Remembering Don Siller

Whether it was helping friends, family, and colleagues or advancing the interests of the International Institute of Ammonia Refrigeration, people who knew Don Siller described him as someone who was passionate about life.

Siller was the president of Electro Motion Refrigeration, and a longtime member of IIAR, serving as an officer, board member and committee chair throughout his career in industrial refrigeration, which spanned more than forty years. Siller also held leadership roles at ASHRAE and participated on many ASHRAE committees.

As an IIAR member, he served on the organization’s board during a critical time in the Institute’s history. “Don was instrumental in spearheading IIAR’s growth from a small group of ammonia refrigeration professionals into the large, respected international association that it is today,” said M. Kent Anderson, a close personal friend and former IIAR President Emeritus.

“He was one of those rare individuals a volunteer-based association needs to be a success, and the kind of person you wish there were more of in any organization,” Anderson said. Jamie Horton, principal at EMR, said he was always amazed by Siller’s commitment to IIAR, especially given his busy schedule.

“There were so many instances where Don made IIAR a priority over his personal time,” said Horton. “This type of dedication to a volunteer organization is unique and shows how much Don cared about the success of the group and the industry as a whole.”

Horton said Siller’s teaching abilities were critical in helping him understand the intricacies of ammonia refrigeration throughout a 20-year friendship and during the six years the two men worked together at EMR.

“Don was dedicated to passing on his knowledge of industrial refrigeration to me. He always took the time to make sure I fully understood a technical issue and his experiences with the application,” he said.

That’s a sentiment echoed by current IIAR Chairman Bob Port, who also knew Siller well and considered him a mentor.

“I learned the whole ammonia refrigeration system from Don,” said Port, who recalled his first project involving ammonia refrigeration. “Three days before I had to orchestrate an entire system shut-down; Don walked me through everything detail by detail. It was like ammonia refrigeration 101.”

Port, who had had no prior experience with ammonia refrigeration at the time, was introduced to Siller by his father, who was also a close friend.

After the project was over, said Port, “we sat in his office and had a debriefing.” And from there, Siller was always the person to turn to for technical advice.

“He taught me the technology, and I gained the hands-on experience. That was the relationship we had for my first six years in the business. He was an incredible mentor.”

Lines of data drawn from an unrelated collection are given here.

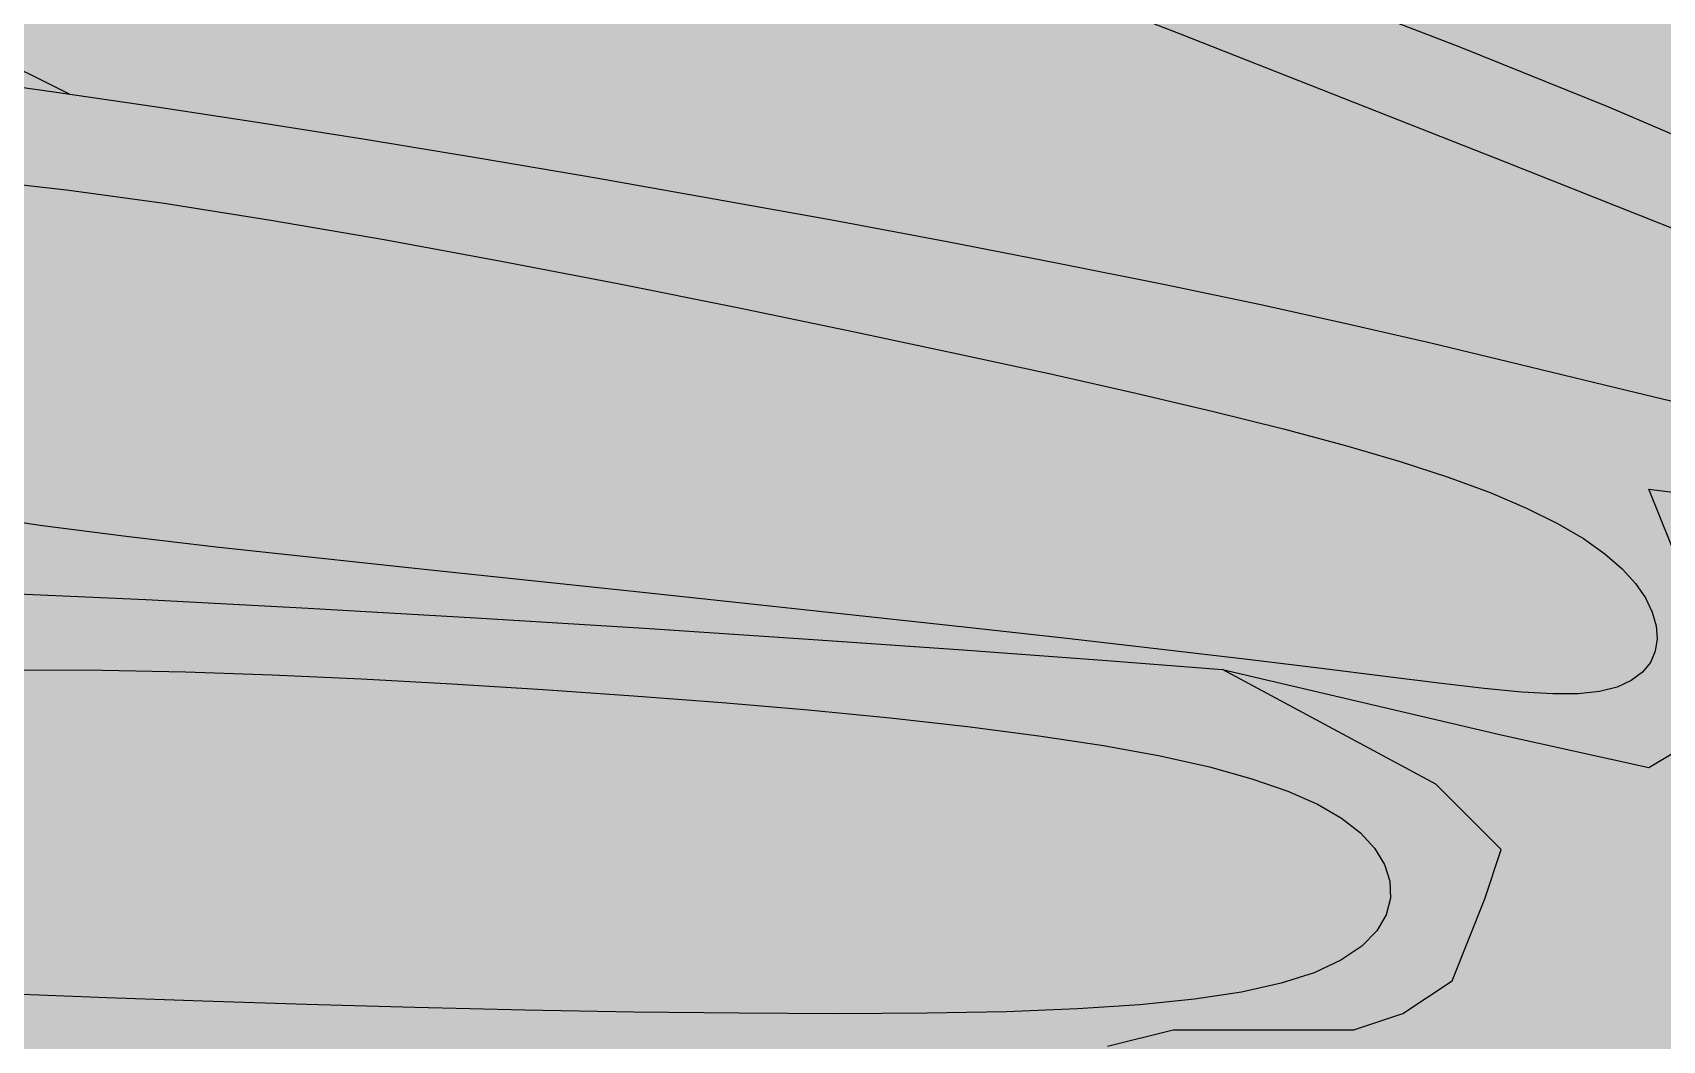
# Model space of a CAD drawing. Header units: millimetres. Extents: x 471 to 1044, y 7 to 541.
# Drawn here: x 499.13 to 505.55, y 207.8 to 211.77 of the extents above; entities that cross this region are included whole.
import ezdxf

# ---------------------------------------------------------------- set-up
doc = ezdxf.new("R2010")
doc.units = ezdxf.units.MM
for name, color, linetype in [('Images', 7, 'Continuous'), ('magpie', 4, 'Continuous'), ('magpiefill', 3, 'Continuous')]:
    doc.layers.add(name, color=color, linetype=linetype)
picture_1 = doc.add_image_def('image6.png', size_in_pixel=(273, 248))

msp = doc.modelspace()

# ---------------------------------------------------------------- hatches: boundary and pattern name
at = {"layer": 'magpiefill'}
h = msp.add_hatch(color=255, dxfattribs=at)
h.dxf.hatch_style = 1
h.paths.add_polyline_path([(500.1064959524891, 213.7461230019074), (500.6100932614207, 213.3781819691845), (501.203591236518, 212.9898635625066), (501.6211706108167, 212.8475376520429), (502.2390101724297, 212.634081346364), (502.8702341285007, 212.4120385217418), (503.5052274633224, 212.1832501290292), (504.1343751611877, 211.9495571190793), (504.7480622063896, 211.7128004427448), (505.336673583221, 211.4748210508786), (505.8905942759747, 211.2374598943337), (506.4002092689436, 211.002557923963), (506.7231205265336, 211.002557923963), (506.9814478203364, 211.0671076299263), (507.110612894129, 211.2607567478169), (507.1975275989327, 211.8688638316062), (506.8981176257614, 212.061346017275), (506.5200291883276, 212.2902516376144), (506.1125772137864, 212.5258110706123), (505.6828291140873, 212.7654144243737), (505.2378523011792, 213.0064518070043), (504.7847141870113, 213.2463133266094), (504.3304821835329, 213.4823890912942), (503.8822237026931, 213.7120692091644), (503.4453787375901, 213.9334256334469), (503.018877605918, 214.1472576978566), (502.6000232065198, 214.3550465812297), (502.1861184382385, 214.5582734624026), (501.7744661999171, 214.7584195202118), (501.3623693903987, 214.9569659334936), (501.1109392112281, 215.0771156223911), (500.1932533542998, 215.3923499241496), (499.4997759175345, 215.6120778909265), (499.0035579902996, 215.7450681053398), (498.6776506619631, 215.8000891500071), (498.495105021893, 215.7859096075459), (498.4289721594572, 215.711298060574), (498.4523031640238, 215.5850230917089), (498.5381491249608, 215.4158532835684), (498.6653462981802, 215.2114231426839), (498.8358716057704, 214.9748308712417), (499.0574871363639, 214.7080405953427), (499.3379549785932, 214.4130164410869), (499.6850372210909, 214.0917225345751)])
h = msp.add_hatch(color=253, dxfattribs=at)
h.dxf.hatch_style = 1
h.paths.add_polyline_path([(498.4141803126256, 213.8919435015786), (497.9714177221595, 214.0214277658252), (497.5568412450838, 214.136751991173), (497.1709991886791, 214.237639690918), (496.813669258934, 214.3248413281719), (496.4844365115141, 214.3993641035004), (496.182886002085, 214.4622152174688), (495.9086027863121, 214.5144018706424), (495.6611719198613, 214.5569312635869), (495.4401784583978, 214.5908105968678), (495.2452074575875, 214.6170470710504), (495.0757155429124, 214.6364800199393), (494.9306456191205, 214.6492773102954), (494.8088121607762, 214.6554389421187), (494.7090296424441, 214.6549649154093), (494.6301125386887, 214.6478552301671), (494.5708753240744, 214.6341098863921), (494.5301324731659, 214.6137288840844), (494.5066984605276, 214.5867122232438), (494.4997878759229, 214.5527389832176), (494.5102157699117, 214.5102045607412), (494.5391973082527, 214.457183431897), (494.5879476567046, 214.3917500727678), (494.6576819810261, 214.311978959436), (494.7496154469761, 214.2159445679843), (494.8649632203131, 214.1017213744952), (495.004940466796, 213.9673838550512), (495.1728188753422, 213.8104919433209), (495.3800962275047, 213.6265474033181), (495.6403268279951, 213.410537456642), (495.967064981525, 213.157449324892), (496.373864992806, 212.8622702296677), (496.8742811665498, 212.5199873925685), (497.4818678074681, 212.125588035194), (498.2094309013638, 211.6745233117761), (498.5042731744018, 211.6345153146878), (498.8625122905515, 211.5848664239767), (499.2342664787759, 211.5318997039993), (499.277674813155, 211.5255104521356), (498.9397699789429, 211.6937490227571), (498.6568018946267, 211.859576527409), (498.4229022877324, 212.0214668619001), (498.232202885786, 212.1778939220392), (498.0788354163138, 212.3273316036351), (497.9569316068419, 212.4682538024965), (497.8606231848962, 212.5991344144323), (497.7840418780031, 212.7184473352514), (497.7221552513438, 212.8251648841253), (497.6732742207211, 212.9202530736773), (497.6365455395932, 213.0051763398936), (497.6111159614179, 213.0813991187606), (497.5961322396535, 213.1503858462643), (497.5907411277578, 213.2136009583912), (497.594089379189, 213.2725088911271), (497.6053237474052, 213.3285740804583), (497.6239170594007, 213.3828216308801), (497.6506464363157, 213.4345193209222), (497.6866150728268, 213.4824955976237), (497.7329261636106, 213.5255789080231), (497.7906829033435, 213.5625976991594), (497.8609884867021, 213.5923804180715), (497.944946108363, 213.613755511798), (498.0436589630028, 213.6255514273778), (498.1586137754274, 213.6266152770377), (498.2928313909609, 213.6158688337571), (498.449716185057, 213.5922525357032), (498.6326725331692, 213.554706821043), (498.8451048107509, 213.502172127944), (499.0904173932559, 213.4335888945733), (499.3720146561376, 213.3478975590983), (499.6933009748496, 213.2440385596861), (500.0623347828497, 213.1190184006786), (500.5057907456118, 212.9621078511156), (501.054997586614, 212.7606437462113), (501.7412840293346, 212.5019629211801), (502.5959787972517, 212.1734022112364), (503.6504106138434, 211.7622984515945), (504.9359082025879, 211.2559884774686), (506.4838002869633, 210.6418091240732), (506.4647903789485, 210.6798093941454), (506.4002092689436, 211.002557923963), (505.8905942759747, 211.2374598943337), (505.3366735832209, 211.4748210508786), (504.7480622063896, 211.7128004427448), (504.1343751611877, 211.9495571190793), (503.5052274633224, 212.1832501290292), (502.8702341285007, 212.4120385217418), (502.2390101724298, 212.634081346364), (501.6211706108166, 212.8475376520429), (501.0248514496845, 213.0507844423749), (500.4522726563211, 213.2430705387532), (499.9041751883298, 213.4238627170203), (499.3813000033144, 213.5926277530186), (498.8843880588785, 213.7488324225905)])
h = msp.add_hatch(color=255, dxfattribs=at)
h.dxf.hatch_style = 1
h.paths.add_polyline_path([(500.0623347828497, 213.1190184006786), (499.6933009748496, 213.2440385596861), (499.3720146561376, 213.3478975590983), (499.0904173932559, 213.4335888945733), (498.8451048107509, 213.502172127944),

Horton agreed with Port that Siller’s patience as a mentor was matched only by his resilience when dealing with complicated tasks. “You knew that if he took on a task, it was going to be done with the highest level of professionalism and it was going to be done thoroughly.”

Siller’s attention to detail and his willingness to help people were two of the qualities that characterized him best, said Anderson.

“While Don often had more work than he could possibly complete, he was always able to set it aside so that he could be prepared, engaged and focused on completing the task at hand, whatever it was.”

And that focus and dedication was something Siller always brought to organizations like IIAR, said Anderson.

Siller, who was an honorary life member of IIAR, “was a critical part of establishing the foundation on which the organization still stands today,” Anderson said.

Meanwhile, many friends observed, Siller’s professional and personal friendships often seemed to overlap.

What made him special was how he could turn business relationships into lifelong friendships, said Steve McLeod, president of Toronto-based Cimco Refrigeration. “He was a terrific contributor to our industry with his incredible enthusiasm and energy.”

Doug Reindl, an engineering professor at the University of Wisconsin, knew Siller for nearly two decades and was always impressed by his passion for the ammonia refrigeration industry. “To me and many others, he was a great mentor, teacher and friend whose smile, laugh and always wise counsel will be truly missed.”